Ontario Proposes Substantive Changes to School Board Governance and Collective Bargaining

The Ontario Government has introduced Bill 101, the Putting Student Achievement First Act, 2026, proposing wide-ranging changes to the governance, oversight, and labour relations framework for school boards across the province. If enacted, the legislation will amend several education statutes with the stated goal of strengthening accountability and supporting student outcomes. For school boards, the proposed changes signal a shift toward more centralized oversight and revised leadership structures.

Below is a summary of the most impactful changes proposed in the legislation.

Restructuring Executive Leadership: The New CEOs

A key feature of the Bill is the proposal to amend the Education Act to change the executive leadership structure for English-language district school boards. The current Director of Education (“Director”) role will be restructured into two “CEO” roles: the Chief Executive Officer and the Chief Education Officer.  If the Bill is passed as written, the Director at English-language district school boards will be the Chief Executive Officer, but not the Chief Education Officer.

The Chief Executive Officer will be primarily responsible for the financial and operational oversight of the school board. They will be required to hold business qualifications, to be prescribed by regulation. Notably, the Director (i.e. Chief Executive Officer) will be a member of the board of trustees and its committees, but is not entitled to have a binding vote on the board or its committees; however, the Minister may prescribe circumstances where a board resolution or motion requires the Director’s confirmation. The legislation proposes that the Director may not be dismissed without the prior written approval of the Minister of Education, introducing a new level of provincial involvement in such decisions.

The Chief Education Officer will focus on student achievement and pedagogical responsibilities. They must be a member of the Ontario College of Teachers or hold equivalent qualifications. The Chief Education Officer will be appointed by the Director. The Director may also be appointed as Chief Education Officer.

Increased Ministerial Oversight for Trustees

The legislation also proposes the introduction of strict parameters on how school boards operate, spend, and manage assets, thus narrowing trustee autonomy.
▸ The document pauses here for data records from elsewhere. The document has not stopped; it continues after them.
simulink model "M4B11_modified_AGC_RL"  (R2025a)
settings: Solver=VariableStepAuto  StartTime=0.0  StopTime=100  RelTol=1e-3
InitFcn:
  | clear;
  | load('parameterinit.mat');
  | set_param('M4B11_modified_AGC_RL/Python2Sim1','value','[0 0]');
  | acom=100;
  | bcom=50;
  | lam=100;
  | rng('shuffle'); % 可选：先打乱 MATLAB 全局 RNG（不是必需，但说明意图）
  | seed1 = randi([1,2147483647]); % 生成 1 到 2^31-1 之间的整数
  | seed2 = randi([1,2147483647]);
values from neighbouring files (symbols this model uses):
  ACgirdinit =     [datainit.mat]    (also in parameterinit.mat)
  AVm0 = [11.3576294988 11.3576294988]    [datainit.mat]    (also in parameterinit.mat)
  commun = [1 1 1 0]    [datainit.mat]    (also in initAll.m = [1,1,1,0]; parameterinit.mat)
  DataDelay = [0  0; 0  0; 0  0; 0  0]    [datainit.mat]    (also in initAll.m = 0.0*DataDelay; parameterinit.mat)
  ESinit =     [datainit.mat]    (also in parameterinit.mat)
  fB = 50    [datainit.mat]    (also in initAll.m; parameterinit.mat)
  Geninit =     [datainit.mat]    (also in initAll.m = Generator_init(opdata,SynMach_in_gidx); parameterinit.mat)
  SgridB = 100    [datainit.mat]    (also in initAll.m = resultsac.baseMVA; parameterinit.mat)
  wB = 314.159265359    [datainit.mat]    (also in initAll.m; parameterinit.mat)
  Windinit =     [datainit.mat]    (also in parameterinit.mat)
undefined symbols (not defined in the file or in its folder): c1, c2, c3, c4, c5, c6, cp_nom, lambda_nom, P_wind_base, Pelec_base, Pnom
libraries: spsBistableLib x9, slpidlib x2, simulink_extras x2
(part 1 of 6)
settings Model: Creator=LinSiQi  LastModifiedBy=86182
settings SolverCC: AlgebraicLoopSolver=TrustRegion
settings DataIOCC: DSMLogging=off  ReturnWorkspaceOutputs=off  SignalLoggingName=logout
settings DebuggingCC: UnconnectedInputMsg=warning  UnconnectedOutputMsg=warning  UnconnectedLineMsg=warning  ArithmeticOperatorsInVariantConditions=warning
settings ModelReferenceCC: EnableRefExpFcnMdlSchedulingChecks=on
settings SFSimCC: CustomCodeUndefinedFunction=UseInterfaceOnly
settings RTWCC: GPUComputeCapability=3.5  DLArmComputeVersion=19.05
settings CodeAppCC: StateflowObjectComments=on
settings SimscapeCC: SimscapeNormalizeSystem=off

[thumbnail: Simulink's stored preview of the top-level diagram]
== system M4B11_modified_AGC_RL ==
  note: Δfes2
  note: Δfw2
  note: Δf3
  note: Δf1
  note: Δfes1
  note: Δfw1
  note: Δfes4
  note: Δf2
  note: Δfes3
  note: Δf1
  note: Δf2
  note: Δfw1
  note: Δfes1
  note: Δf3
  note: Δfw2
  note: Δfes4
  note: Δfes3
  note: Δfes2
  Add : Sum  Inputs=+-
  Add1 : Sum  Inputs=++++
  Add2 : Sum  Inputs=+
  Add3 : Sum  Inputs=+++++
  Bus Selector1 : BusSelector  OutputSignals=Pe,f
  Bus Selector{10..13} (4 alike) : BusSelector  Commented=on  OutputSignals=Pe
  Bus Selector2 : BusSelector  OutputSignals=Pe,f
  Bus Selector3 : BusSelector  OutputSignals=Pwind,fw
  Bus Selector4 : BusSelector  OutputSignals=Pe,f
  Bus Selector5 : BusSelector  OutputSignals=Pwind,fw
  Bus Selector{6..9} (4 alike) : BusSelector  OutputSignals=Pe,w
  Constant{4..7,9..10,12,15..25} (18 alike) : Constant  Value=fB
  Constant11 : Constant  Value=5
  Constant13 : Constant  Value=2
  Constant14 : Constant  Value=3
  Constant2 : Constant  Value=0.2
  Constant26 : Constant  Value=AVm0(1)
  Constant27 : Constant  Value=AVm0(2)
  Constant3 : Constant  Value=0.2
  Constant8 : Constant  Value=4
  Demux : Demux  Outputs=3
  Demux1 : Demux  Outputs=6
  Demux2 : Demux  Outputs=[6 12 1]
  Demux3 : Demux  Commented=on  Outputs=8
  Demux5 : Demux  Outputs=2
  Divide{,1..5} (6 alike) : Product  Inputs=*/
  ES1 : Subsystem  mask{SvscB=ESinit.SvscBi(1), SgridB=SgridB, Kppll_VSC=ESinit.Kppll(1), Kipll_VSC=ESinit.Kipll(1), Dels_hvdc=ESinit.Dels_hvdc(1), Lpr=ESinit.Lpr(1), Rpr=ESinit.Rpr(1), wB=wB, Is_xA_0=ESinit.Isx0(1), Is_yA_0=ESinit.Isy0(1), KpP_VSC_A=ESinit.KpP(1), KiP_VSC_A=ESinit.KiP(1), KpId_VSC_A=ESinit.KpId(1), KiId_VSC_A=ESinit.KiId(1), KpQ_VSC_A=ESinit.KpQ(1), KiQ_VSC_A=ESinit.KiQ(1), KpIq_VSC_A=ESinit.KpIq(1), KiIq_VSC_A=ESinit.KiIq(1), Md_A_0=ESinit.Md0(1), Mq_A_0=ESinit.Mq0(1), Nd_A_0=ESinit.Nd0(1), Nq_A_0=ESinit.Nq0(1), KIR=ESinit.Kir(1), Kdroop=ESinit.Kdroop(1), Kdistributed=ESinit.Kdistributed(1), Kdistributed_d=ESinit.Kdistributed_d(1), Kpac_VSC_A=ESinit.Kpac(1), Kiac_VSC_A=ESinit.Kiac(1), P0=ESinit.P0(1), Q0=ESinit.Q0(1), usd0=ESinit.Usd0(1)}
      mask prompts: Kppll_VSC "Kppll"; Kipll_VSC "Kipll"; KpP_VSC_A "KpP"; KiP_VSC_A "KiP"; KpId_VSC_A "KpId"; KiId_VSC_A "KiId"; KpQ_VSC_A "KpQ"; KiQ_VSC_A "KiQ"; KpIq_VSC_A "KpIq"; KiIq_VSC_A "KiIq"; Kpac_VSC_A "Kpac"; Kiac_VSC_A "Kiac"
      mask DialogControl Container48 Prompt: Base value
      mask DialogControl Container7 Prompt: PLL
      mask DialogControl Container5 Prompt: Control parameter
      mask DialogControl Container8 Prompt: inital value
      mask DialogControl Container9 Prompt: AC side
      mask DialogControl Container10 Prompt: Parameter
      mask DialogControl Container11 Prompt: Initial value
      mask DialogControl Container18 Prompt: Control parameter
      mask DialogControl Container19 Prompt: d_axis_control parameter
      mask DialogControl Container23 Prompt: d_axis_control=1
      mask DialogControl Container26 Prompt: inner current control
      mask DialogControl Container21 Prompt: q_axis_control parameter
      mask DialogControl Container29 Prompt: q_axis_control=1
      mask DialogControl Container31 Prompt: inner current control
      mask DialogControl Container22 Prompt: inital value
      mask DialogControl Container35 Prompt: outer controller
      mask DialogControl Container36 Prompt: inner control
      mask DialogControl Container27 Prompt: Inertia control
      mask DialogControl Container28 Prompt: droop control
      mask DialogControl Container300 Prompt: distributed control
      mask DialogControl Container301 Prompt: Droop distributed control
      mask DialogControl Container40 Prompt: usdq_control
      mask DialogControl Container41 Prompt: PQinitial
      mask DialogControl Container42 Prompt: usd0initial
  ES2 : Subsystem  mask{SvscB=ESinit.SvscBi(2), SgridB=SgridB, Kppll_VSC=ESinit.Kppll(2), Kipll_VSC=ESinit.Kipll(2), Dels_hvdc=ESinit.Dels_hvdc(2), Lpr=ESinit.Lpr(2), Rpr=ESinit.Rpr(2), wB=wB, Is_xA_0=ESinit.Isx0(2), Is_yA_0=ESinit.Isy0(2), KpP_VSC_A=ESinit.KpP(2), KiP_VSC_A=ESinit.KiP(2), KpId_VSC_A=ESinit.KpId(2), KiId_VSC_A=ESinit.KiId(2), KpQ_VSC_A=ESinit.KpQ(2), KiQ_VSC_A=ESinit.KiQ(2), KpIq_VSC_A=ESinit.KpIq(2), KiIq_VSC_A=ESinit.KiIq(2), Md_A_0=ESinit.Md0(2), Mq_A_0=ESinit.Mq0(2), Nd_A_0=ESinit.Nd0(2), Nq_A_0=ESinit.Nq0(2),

Some examples include:

  • Trustee Composition (Minimum and Maximum Limits): The number of elected trustees on a school board will be determined by regulation and restricted to a minimum of five (5) and a maximum of twelve (12).
  • Expense Policies: The Minister of Education (“Minister”) will be granted the authority to establish binding policies governing school board expenses, including setting limits on discretionary spending, travel, meals, hospitality expenses, and requiring trustees to pay out-of-pocket for certain external organization memberships.
  • Communications Policies: The Minister will be granted the power to establish “policies and guidelines” related to a school board’s public communications.
  • Property Management:  The Minister’s approval will be required before a school board acquires, expropriates, or makes significant additions or alterations to school sites. If a school board fails to comply with provincial policies regarding building projects, the Minister can issue binding directions, force the sale of the property, or appoint a third party to take over the management of the construction or repair project.
  • Expanded Control over Budgets: The Minister will also have expanded authority to make regulations concerning a school board’s budget and prohibit a school board from using revenue for specified purposes.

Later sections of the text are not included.